> [WHAT THE TASK REQUIRES] Copy every line from the records that holds the word "Signal".

> [DATASET RECORDS]
* * *
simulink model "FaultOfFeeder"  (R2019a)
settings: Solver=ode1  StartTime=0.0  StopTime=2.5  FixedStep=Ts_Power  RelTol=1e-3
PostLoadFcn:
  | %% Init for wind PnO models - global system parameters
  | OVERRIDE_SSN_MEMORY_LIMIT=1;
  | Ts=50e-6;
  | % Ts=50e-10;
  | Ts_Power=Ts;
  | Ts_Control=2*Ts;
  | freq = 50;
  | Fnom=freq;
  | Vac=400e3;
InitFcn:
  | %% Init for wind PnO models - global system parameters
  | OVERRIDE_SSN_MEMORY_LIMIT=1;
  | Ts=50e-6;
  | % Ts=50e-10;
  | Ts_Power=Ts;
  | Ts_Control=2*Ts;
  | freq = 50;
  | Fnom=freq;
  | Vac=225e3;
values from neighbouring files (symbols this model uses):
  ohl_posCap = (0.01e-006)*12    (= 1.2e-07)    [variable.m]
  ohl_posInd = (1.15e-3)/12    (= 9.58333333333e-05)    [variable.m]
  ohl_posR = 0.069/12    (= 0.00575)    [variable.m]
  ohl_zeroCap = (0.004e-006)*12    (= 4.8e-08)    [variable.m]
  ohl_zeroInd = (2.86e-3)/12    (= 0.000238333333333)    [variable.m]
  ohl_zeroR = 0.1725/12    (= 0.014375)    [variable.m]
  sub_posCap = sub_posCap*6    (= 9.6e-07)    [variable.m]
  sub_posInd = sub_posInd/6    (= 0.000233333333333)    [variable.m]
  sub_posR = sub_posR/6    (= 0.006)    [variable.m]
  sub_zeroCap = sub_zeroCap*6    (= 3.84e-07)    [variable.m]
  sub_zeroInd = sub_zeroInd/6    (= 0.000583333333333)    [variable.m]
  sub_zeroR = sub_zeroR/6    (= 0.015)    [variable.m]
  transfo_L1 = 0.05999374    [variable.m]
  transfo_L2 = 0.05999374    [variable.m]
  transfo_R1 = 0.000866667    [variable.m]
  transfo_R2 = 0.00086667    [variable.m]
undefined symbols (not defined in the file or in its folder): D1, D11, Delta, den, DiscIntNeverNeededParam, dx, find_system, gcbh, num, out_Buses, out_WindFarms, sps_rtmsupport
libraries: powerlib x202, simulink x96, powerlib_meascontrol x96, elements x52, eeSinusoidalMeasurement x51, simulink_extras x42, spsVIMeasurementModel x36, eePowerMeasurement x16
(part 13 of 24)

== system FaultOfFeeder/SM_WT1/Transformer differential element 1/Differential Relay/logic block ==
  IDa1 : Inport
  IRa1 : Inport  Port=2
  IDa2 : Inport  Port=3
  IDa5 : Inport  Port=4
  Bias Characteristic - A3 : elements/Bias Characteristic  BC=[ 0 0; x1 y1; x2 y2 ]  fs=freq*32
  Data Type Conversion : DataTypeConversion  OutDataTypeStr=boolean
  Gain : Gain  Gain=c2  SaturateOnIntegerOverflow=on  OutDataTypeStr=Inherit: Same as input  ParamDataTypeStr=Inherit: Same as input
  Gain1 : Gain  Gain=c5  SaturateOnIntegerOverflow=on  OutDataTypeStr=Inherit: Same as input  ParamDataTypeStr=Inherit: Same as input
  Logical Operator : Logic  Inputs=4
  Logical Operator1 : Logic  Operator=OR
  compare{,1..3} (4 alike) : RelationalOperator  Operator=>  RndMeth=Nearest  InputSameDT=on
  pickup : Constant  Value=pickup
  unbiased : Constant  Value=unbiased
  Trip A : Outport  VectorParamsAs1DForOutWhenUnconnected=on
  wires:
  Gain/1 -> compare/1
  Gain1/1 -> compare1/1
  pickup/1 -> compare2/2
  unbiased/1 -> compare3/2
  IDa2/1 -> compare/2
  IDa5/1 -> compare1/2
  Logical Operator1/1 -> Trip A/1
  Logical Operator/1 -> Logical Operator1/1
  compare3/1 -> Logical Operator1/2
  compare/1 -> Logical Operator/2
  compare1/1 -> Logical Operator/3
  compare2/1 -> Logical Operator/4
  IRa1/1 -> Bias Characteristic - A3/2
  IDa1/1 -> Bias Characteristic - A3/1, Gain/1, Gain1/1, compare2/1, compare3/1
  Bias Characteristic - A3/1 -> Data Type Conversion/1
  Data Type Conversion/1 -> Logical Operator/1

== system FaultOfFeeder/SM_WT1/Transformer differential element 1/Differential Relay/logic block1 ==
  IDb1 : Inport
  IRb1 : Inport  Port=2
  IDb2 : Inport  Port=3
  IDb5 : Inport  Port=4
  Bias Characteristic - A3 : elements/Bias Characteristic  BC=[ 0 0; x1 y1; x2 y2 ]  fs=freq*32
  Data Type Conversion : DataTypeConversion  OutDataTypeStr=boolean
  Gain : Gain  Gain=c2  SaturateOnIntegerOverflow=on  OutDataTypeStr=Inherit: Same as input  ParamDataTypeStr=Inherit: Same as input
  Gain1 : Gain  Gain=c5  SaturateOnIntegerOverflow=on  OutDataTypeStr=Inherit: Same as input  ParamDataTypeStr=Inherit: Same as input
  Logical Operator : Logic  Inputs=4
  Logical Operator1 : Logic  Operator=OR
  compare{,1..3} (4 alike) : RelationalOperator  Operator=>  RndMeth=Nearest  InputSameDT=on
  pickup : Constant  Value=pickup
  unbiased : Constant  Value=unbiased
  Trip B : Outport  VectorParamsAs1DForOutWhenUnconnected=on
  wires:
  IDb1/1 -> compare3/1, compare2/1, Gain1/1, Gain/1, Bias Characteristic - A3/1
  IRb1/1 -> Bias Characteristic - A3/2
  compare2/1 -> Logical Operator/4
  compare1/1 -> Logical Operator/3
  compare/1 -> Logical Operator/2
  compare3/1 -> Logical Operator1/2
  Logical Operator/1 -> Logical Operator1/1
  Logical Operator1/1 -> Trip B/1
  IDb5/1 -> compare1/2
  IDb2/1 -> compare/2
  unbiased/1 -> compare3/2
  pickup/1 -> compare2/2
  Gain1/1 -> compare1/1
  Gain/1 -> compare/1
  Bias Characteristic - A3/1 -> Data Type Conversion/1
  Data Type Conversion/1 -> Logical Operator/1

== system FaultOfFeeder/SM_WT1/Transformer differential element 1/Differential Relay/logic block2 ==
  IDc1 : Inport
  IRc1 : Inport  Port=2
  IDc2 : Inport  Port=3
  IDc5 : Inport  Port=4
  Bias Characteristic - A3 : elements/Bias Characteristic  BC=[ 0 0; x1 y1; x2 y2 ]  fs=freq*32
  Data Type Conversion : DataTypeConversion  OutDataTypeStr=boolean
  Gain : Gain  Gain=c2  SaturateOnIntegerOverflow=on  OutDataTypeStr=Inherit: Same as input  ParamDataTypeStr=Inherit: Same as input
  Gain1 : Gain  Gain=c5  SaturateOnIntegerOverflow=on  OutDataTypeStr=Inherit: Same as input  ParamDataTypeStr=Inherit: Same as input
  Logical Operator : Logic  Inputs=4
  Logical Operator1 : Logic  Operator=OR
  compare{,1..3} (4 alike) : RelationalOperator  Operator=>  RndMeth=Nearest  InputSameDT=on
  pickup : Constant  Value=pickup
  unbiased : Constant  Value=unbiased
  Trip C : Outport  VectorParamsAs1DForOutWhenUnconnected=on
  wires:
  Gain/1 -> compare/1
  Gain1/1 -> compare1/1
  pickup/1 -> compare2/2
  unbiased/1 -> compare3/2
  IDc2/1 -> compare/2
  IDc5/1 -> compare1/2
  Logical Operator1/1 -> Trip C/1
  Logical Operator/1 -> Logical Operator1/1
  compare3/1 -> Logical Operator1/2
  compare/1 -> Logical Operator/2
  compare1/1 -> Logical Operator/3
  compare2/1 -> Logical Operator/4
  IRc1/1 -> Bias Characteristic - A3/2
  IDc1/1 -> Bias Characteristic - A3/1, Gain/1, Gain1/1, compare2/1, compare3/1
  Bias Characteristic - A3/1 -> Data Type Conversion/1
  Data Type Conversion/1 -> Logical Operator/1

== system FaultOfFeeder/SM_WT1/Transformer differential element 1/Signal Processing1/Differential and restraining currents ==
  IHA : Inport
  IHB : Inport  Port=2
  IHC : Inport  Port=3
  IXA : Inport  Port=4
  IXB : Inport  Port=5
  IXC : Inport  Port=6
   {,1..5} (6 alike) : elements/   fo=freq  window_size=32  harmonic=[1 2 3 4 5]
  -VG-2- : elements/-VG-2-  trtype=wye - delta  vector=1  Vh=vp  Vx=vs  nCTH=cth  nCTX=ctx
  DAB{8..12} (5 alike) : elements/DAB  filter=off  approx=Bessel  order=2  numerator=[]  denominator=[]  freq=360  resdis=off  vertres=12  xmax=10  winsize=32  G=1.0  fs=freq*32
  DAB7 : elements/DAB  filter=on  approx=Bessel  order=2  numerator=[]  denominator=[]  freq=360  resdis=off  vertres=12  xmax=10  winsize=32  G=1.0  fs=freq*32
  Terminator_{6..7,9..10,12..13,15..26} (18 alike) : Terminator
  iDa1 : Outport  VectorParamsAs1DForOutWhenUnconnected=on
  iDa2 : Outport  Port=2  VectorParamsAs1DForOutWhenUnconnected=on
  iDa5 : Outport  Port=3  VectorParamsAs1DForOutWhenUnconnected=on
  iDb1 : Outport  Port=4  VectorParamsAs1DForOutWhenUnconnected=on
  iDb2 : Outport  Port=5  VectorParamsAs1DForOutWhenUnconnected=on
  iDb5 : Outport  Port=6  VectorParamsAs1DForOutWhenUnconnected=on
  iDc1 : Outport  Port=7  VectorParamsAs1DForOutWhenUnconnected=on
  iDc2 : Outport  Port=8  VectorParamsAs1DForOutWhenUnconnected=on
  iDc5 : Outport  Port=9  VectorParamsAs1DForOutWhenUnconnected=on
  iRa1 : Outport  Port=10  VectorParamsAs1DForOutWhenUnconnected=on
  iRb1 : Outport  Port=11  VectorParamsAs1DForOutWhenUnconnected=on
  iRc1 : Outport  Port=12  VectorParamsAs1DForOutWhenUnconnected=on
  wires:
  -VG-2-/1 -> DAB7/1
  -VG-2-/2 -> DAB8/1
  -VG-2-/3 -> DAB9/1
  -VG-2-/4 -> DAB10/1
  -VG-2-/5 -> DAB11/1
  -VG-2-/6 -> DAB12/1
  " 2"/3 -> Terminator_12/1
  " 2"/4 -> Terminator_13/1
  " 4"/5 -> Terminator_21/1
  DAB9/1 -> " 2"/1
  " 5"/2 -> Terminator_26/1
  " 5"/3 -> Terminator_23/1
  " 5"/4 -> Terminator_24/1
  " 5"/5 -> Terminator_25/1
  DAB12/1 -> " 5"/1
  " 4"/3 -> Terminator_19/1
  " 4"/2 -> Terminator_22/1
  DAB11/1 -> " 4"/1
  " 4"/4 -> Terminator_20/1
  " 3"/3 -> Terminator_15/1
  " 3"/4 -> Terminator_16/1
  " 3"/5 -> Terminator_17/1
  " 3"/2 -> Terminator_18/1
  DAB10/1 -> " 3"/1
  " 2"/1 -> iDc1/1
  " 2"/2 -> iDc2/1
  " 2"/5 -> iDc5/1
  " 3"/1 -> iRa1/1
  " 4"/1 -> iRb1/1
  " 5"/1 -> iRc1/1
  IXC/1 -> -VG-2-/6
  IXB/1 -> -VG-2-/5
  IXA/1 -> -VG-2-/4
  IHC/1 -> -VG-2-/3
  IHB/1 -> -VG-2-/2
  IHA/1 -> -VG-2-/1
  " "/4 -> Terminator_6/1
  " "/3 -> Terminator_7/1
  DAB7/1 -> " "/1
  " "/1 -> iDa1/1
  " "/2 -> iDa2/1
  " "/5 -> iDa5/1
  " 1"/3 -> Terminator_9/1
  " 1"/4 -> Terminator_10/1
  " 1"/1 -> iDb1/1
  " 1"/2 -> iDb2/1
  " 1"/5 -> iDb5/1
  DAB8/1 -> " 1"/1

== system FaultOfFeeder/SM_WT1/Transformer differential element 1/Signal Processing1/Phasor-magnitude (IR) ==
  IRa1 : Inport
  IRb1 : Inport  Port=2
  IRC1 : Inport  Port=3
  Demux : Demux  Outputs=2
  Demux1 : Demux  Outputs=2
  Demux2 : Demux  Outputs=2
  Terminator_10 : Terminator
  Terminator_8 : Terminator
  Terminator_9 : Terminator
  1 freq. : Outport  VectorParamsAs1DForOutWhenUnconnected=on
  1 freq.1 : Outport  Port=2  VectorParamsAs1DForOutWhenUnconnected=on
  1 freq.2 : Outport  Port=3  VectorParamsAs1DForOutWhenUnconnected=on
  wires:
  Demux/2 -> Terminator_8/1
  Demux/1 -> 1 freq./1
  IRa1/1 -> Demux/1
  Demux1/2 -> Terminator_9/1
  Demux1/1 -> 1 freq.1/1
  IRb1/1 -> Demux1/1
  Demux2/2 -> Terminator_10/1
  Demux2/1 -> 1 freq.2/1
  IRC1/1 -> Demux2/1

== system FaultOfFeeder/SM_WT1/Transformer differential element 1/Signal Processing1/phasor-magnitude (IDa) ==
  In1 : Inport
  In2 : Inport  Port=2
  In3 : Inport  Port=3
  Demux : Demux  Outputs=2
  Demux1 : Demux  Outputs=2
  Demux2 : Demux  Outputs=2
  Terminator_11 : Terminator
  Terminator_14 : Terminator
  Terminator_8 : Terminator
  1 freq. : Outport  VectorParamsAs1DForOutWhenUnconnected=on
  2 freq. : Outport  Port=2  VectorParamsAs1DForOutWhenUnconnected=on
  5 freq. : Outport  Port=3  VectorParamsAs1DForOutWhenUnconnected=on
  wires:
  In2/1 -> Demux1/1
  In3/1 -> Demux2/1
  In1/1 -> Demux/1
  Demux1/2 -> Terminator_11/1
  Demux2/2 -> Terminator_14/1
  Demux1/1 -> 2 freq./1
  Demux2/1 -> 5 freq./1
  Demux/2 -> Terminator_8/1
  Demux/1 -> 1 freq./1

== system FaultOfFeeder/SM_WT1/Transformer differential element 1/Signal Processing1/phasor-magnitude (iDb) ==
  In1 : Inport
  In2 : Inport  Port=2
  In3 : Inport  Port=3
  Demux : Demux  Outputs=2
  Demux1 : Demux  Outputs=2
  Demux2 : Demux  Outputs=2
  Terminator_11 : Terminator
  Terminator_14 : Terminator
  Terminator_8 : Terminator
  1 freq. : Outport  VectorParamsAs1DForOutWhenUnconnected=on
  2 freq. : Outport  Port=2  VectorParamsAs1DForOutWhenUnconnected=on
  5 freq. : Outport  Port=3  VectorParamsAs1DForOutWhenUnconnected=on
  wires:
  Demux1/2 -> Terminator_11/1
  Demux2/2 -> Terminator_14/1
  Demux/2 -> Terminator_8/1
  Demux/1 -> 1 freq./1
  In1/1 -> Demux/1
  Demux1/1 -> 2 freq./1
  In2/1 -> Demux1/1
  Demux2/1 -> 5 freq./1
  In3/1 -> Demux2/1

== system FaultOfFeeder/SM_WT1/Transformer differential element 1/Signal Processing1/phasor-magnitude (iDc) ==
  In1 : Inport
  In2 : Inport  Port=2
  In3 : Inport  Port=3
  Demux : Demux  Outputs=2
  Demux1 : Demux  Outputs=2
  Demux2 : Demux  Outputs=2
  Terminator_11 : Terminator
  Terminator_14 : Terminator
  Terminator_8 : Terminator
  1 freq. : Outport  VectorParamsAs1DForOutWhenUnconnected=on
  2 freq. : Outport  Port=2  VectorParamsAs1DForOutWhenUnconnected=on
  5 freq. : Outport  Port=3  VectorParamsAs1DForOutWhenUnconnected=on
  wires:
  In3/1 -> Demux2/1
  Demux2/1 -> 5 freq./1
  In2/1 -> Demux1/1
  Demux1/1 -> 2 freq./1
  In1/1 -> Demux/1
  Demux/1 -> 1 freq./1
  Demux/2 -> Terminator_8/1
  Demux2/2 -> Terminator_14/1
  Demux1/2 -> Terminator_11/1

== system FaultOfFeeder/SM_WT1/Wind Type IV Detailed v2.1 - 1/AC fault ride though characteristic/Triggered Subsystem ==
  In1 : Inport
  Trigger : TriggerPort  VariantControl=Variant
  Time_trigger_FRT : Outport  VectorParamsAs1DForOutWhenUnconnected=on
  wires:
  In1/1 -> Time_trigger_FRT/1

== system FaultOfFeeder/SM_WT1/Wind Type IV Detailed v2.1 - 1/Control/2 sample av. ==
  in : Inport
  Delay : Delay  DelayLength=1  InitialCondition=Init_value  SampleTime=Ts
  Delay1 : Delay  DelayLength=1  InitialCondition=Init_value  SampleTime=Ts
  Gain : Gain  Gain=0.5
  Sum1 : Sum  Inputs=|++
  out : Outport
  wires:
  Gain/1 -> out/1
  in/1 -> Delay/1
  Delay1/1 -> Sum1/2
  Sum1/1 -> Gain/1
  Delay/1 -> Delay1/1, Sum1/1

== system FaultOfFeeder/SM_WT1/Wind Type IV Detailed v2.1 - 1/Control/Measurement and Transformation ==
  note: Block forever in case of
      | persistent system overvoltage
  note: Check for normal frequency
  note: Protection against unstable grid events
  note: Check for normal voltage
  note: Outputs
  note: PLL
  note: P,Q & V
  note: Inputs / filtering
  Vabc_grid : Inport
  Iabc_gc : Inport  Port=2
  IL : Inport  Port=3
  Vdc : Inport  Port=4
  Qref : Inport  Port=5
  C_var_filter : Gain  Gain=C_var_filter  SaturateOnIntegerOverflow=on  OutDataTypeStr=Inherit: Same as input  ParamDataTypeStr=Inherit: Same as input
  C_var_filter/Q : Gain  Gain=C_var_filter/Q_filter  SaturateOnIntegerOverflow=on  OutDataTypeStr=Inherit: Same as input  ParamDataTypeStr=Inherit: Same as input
* * *
> [SOLVED PROBLEM]
== system FaultOfFeeder/SM_WT1/Transformer differential element 1/Signal Processing1/Differential and restraining currents ==
== system FaultOfFeeder/SM_WT1/Transformer differential element 1/Signal Processing1/Phasor-magnitude (IR) ==
== system FaultOfFeeder/SM_WT1/Transformer differential element 1/Signal Processing1/phasor-magnitude (IDa) ==
== system FaultOfFeeder/SM_WT1/Transformer differential element 1/Signal Processing1/phasor-magnitude (iDb) ==
== system FaultOfFeeder/SM_WT1/Transformer differential element 1/Signal Processing1/phasor-magnitude (iDc) ==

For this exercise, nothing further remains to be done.